In order to effectively combat the terrorist threat we must, as far as possible, learn what they know and what their plans are. There are many means of doing this, but the most effective way is to draw the information out of those best informed: the terrorists, themselves. When we capture a terrorist, it is a golden opportunity to gain a distinct advantage over the threat – and we must take full advantage of it, even if the captive proves reluctant to come clean. And do keep in mind that the more information we gather from one terrorist will not only save the lives of our own, but of the terrorist’s own, too. Thwarted terrorist plans means, also, a smaller number of dead terrorists, in the long run.

It is a dereliction of duty – an act of immorality – for someone who can obtain information about this threat to refuse to do so on the imagined grounds that everyone, all the time and everywhere, may not be coerced in to giving information. Some people might ask, “where do you draw the line?”. Meaning, of course, that if we allow one terrorist to be waterboarded, then we are presumptively defenseless against the claim that we must rip out the fingernails of someone who refuses to spill the beans about his neighbors tax return. To such arguments I answer: are you stupid?

I’m not. I can draw the line right where human decency requires it.
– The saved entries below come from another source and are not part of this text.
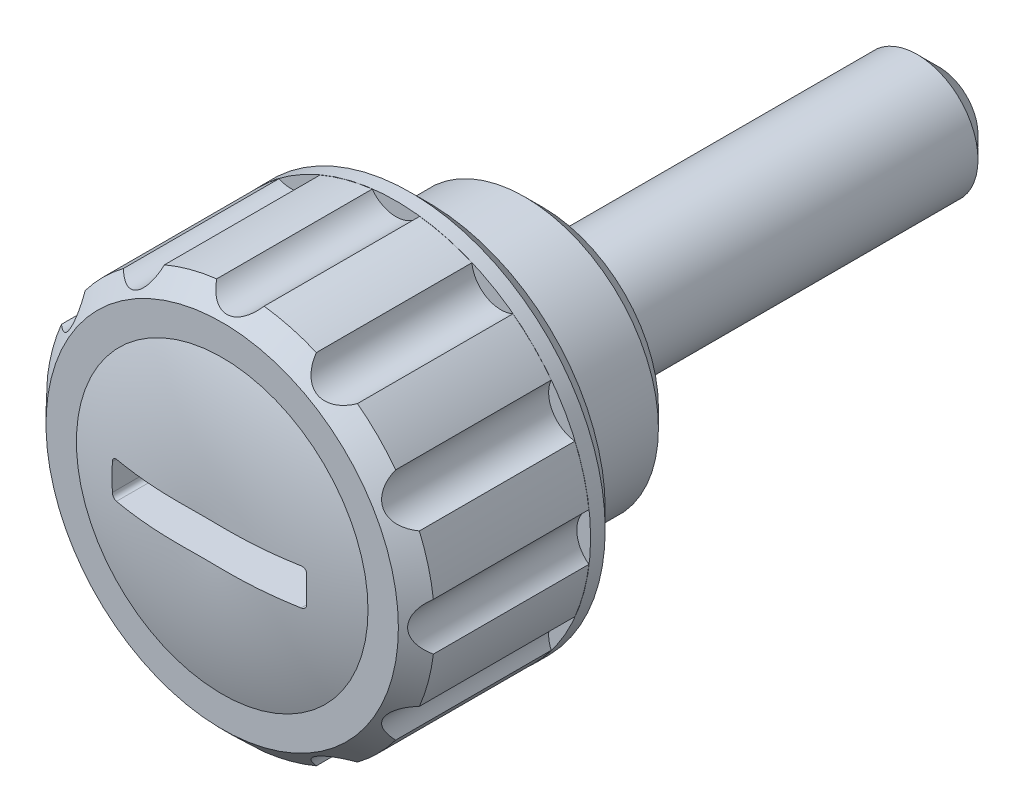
ISO-10303-21;
HEADER;
FILE_DESCRIPTION(('STEP AP214'),'2;1');
FILE_NAME('part.step','',(''),(''),'','','');
FILE_SCHEMA(('AUTOMOTIVE_DESIGN { 1 0 10303 214 1 1 1 1 }'));
ENDSEC;
DATA;
#1=APPLICATION_CONTEXT('core data for automotive mechanical design processes');
#2=APPLICATION_PROTOCOL_DEFINITION('international standard','automotive_design',2000,#1);
#3=PRODUCT_CONTEXT('',#1,'mechanical');
#4=PRODUCT('Part','Part','',(#3));
#5=PRODUCT_RELATED_PRODUCT_CATEGORY('part','',(#4));
#6=PRODUCT_DEFINITION_FORMATION('','',#4);
#7=PRODUCT_DEFINITION_CONTEXT('part definition',#1,'design');
#8=PRODUCT_DEFINITION('design','',#6,#7);
#9=PRODUCT_DEFINITION_SHAPE('','',#8);
#10=(LENGTH_UNIT() NAMED_UNIT(*) SI_UNIT(.MILLI.,.METRE.));
#11=(NAMED_UNIT(*) PLANE_ANGLE_UNIT() SI_UNIT($,.RADIAN.));
#12=(NAMED_UNIT(*) SI_UNIT($,.STERADIAN.) SOLID_ANGLE_UNIT());
#13=UNCERTAINTY_MEASURE_WITH_UNIT(LENGTH_MEASURE(1.E-05),#10,'distance_accuracy_value','');
#14=(GEOMETRIC_REPRESENTATION_CONTEXT(3) GLOBAL_UNCERTAINTY_ASSIGNED_CONTEXT((#13)) GLOBAL_UNIT_ASSIGNED_CONTEXT((#10,
#11,#12)) REPRESENTATION_CONTEXT('',''));
#15=CARTESIAN_POINT('',(0.,0.,0.));
#16=DIRECTION('',(0.,0.,1.));
#17=DIRECTION('',(1.,0.,0.));
#18=AXIS2_PLACEMENT_3D('',#15,#16,#17);
#19=CARTESIAN_POINT('',(0.,0.,-0.703698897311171));
#20=DIRECTION('',(0.,0.,1.));
#21=DIRECTION('',(1.,0.,0.));
#22=AXIS2_PLACEMENT_3D('',#19,#20,#21);
#23=DEGENERATE_TOROIDAL_SURFACE('',#22,1.1776626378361,15.,.T.);
#24=CARTESIAN_POINT('',(0.,0.,13.5));
#25=DIRECTION('',(0.,0.,1.));
#26=DIRECTION('',(1.,0.,0.));
#27=AXIS2_PLACEMENT_3D('',#24,#25,#26);
#28=CIRCLE('',#27,6.);
#29=CARTESIAN_POINT('',(6.,0.,13.5));
#30=VERTEX_POINT('',#29);
#31=EDGE_CURVE('E420',#30,#30,#28,.T.);
#32=ORIENTED_EDGE('',*,*,#31,.T.);
#33=EDGE_LOOP('',(#32));
#34=FACE_BOUND('',#33,.T.);
#35=CARTESIAN_POINT('',(-3.7998,-0.749999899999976,14.0521326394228));
#36=CARTESIAN_POINT('',(-3.81114880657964,-0.750020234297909,14.0500982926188));
#37=CARTESIAN_POINT('',(-3.82250108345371,-0.749057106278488,14.0480843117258));
#38=CARTESIAN_POINT('',(-3.84489426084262,-0.745224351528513,14.0441543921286));
#39=CARTESIAN_POINT('',(-3.85593522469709,-0.742355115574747,14.0422384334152));
#40=CARTESIAN_POINT('',(-3.87740011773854,-0.734767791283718,14.0385596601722));
#41=CARTESIAN_POINT('',(-3.88782359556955,-0.730048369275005,14.0367969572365));
#42=CARTESIAN_POINT('',(-3.90773653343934,-0.718887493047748,14.0334807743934));
#43=CARTESIAN_POINT('',(-3.91722631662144,-0.712446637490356,14.0319272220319));
#44=CARTESIAN_POINT('',(-3.93490505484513,-0.698084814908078,14.0290917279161));
#45=CARTESIAN_POINT('',(-3.9431055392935,-0.690178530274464,14.027807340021));
#46=CARTESIAN_POINT('',(-3.95806529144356,-0.673063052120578,14.025533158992));
#47=CARTESIAN_POINT('',(-3.96482436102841,-0.663853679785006,14.0245434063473));
#48=CARTESIAN_POINT('',(-3.97659283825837,-0.644555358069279,14.0229052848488));
#49=CARTESIAN_POINT('',(-3.98162854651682,-0.634482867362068,14.0222516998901));
#50=CARTESIAN_POINT('',(-3.98994131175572,-0.613624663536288,14.0212843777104));
#51=CARTESIAN_POINT('',(-3.99321964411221,-0.602839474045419,14.0209703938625));
#52=CARTESIAN_POINT('',(-3.99704991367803,-0.584948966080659,14.0207435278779));
#53=CARTESIAN_POINT('',(-3.99816189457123,-0.577959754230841,14.0207251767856));
#54=CARTESIAN_POINT('',(-3.99964030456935,-0.563913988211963,14.0208265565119));
#55=CARTESIAN_POINT('',(-4.00000779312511,-0.556857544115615,14.0209460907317));
#56=CARTESIAN_POINT('',(-3.9999999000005,-0.549800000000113,14.0211342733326));
#57=B_SPLINE_CURVE_WITH_KNOTS('',3,(#35,#36,#37,#38,#39,#40,#41,#42,#43,#44,#45,#46,#47,#48,#49,
#50,#51,#52,#53,#54,#55,#56),.UNSPECIFIED.,.F.,.F.,(4,2,2,2,2,2,2,2,2,2,4),(0.,
0.0345466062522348,0.0690861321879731,0.103650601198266,0.138203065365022,0.172426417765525,
0.206654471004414,0.240334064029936,0.273989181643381,0.295182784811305,0.316346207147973),.UNSPECIFIED.);
#58=CARTESIAN_POINT('',(-3.8,-0.75,14.0520967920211));
#59=VERTEX_POINT('',#58);
#60=CARTESIAN_POINT('',(-4.,-0.55,14.02112896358));
#61=VERTEX_POINT('',#60);
#62=EDGE_CURVE('E531',#59,#61,#57,.T.);
#63=ORIENTED_EDGE('',*,*,#62,.T.);
#64=CARTESIAN_POINT('',(-4.,0.,14.028388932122));
#65=CARTESIAN_POINT('',(-4.,0.339153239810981,14.0283961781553));
#66=CARTESIAN_POINT('',(-4.,0.678323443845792,14.0201840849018));
#67=CARTESIAN_POINT('',(-4.,1.35574448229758,13.9866878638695));
#68=CARTESIAN_POINT('',(-4.,1.69399552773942,13.9614080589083));
#69=CARTESIAN_POINT('',(-4.,2.36814839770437,13.8923714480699));
#70=CARTESIAN_POINT('',(-4.,2.7040529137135,13.8486414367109));
#71=CARTESIAN_POINT('',(-4.,3.37274568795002,13.7413643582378));
#72=CARTESIAN_POINT('',(-4.,3.70553346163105,13.6778142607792));
#73=CARTESIAN_POINT('',(-4.,4.45788889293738,13.5095576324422));
#74=CARTESIAN_POINT('',(-4.,4.87602372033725,13.3983308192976));
#75=CARTESIAN_POINT('',(-4.,5.70161656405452,13.1413580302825));
#76=CARTESIAN_POINT('',(-4.,6.10907328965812,12.9956079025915));
#77=CARTESIAN_POINT('',(-4.,6.91043852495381,12.6696375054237));
#78=CARTESIAN_POINT('',(-4.,7.30433371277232,12.4893844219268));
#79=CARTESIAN_POINT('',(-4.,8.07498519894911,12.0953512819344));
#80=CARTESIAN_POINT('',(-4.,8.45174183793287,11.8815718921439));
#81=CARTESIAN_POINT('',(-4.,9.18281763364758,11.4232419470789));
#82=CARTESIAN_POINT('',(-4.,9.53726091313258,11.1788894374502));
#83=CARTESIAN_POINT('',(-4.,10.2233955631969,10.6600773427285));
#84=CARTESIAN_POINT('',(-4.,10.5550867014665,10.3856174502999));
#85=CARTESIAN_POINT('',(-4.,11.1930381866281,9.8086212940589));
#86=CARTESIAN_POINT('',(-4.,11.4993002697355,9.50608695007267));
#87=CARTESIAN_POINT('',(-4.,12.0839658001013,8.87520844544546));
#88=CARTESIAN_POINT('',(-4.,12.3623701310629,8.54686510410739));
#89=CARTESIAN_POINT('',(-4.,12.8784698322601,7.8806109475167));
#90=CARTESIAN_POINT('',(-4.,13.1173543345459,7.54362037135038));
#91=CARTESIAN_POINT('',(-4.,13.5656684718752,6.85059247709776));
#92=CARTESIAN_POINT('',(-4.,13.7750989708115,6.49455571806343));
#93=CARTESIAN_POINT('',(-4.,14.1629376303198,5.76604322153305));
#94=CARTESIAN_POINT('',(-4.,14.3413507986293,5.39357014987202));
#95=CARTESIAN_POINT('',(-4.,14.6658865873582,4.63480988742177));
#96=CARTESIAN_POINT('',(-4.,14.8120091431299,4.24852266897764));
#97=CARTESIAN_POINT('',(-4.,15.0699099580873,3.46788913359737));
#98=CARTESIAN_POINT('',(-4.,15.1819394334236,3.07362578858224));
#99=CARTESIAN_POINT('',(-4.,15.3723250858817,2.2770527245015));
#100=CARTESIAN_POINT('',(-4.,15.4506814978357,1.87474306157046));
#101=CARTESIAN_POINT('',(-4.,15.5731575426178,1.06492658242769));
#102=CARTESIAN_POINT('',(-4.,15.617275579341,0.657419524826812));
#103=CARTESIAN_POINT('',(-4.,15.6709496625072,-0.159864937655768));
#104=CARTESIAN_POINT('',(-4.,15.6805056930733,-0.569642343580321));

I want information out of these terrorists – I don’t want so much as a hair on their heads harmed, if it can be in any way avoided. I don’t need to boil a terrorist in oil – in fact, doing so is counter-productive because a boiled terrorist cannot provide me the information I require. I want the terrorist to talk – and talk truthfully, as far as can be determined. Most of the time more regular interrogation methods will work – some times, however, it takes a bit more.

For us Christians, the greatest commandment is to love God with all our might, and love our neighbors as ourselves. Would I be loving my neighbor if I allowed my neighbor – in this case, a captive terrorist – to with hold information which may lead to the deaths of thousands? In my view, I’m not loving anyone – I’m guilty of cowardice, if I do such a thing.

I can’t help that some of my brothers and sisters make bad decisions – all I can do is react to the results of those decisions, and do my best to limit the overall damage. A man who is determined to fly a plane in to one of our buildings is someone who had gone severely wrong – the least worry we have is that it might require waterboarding to get him to talk. Our larger worry is how to change things so that it is less likely for a man to make such a choice – but part of that making change requires that any captives talk and tell us everything they know.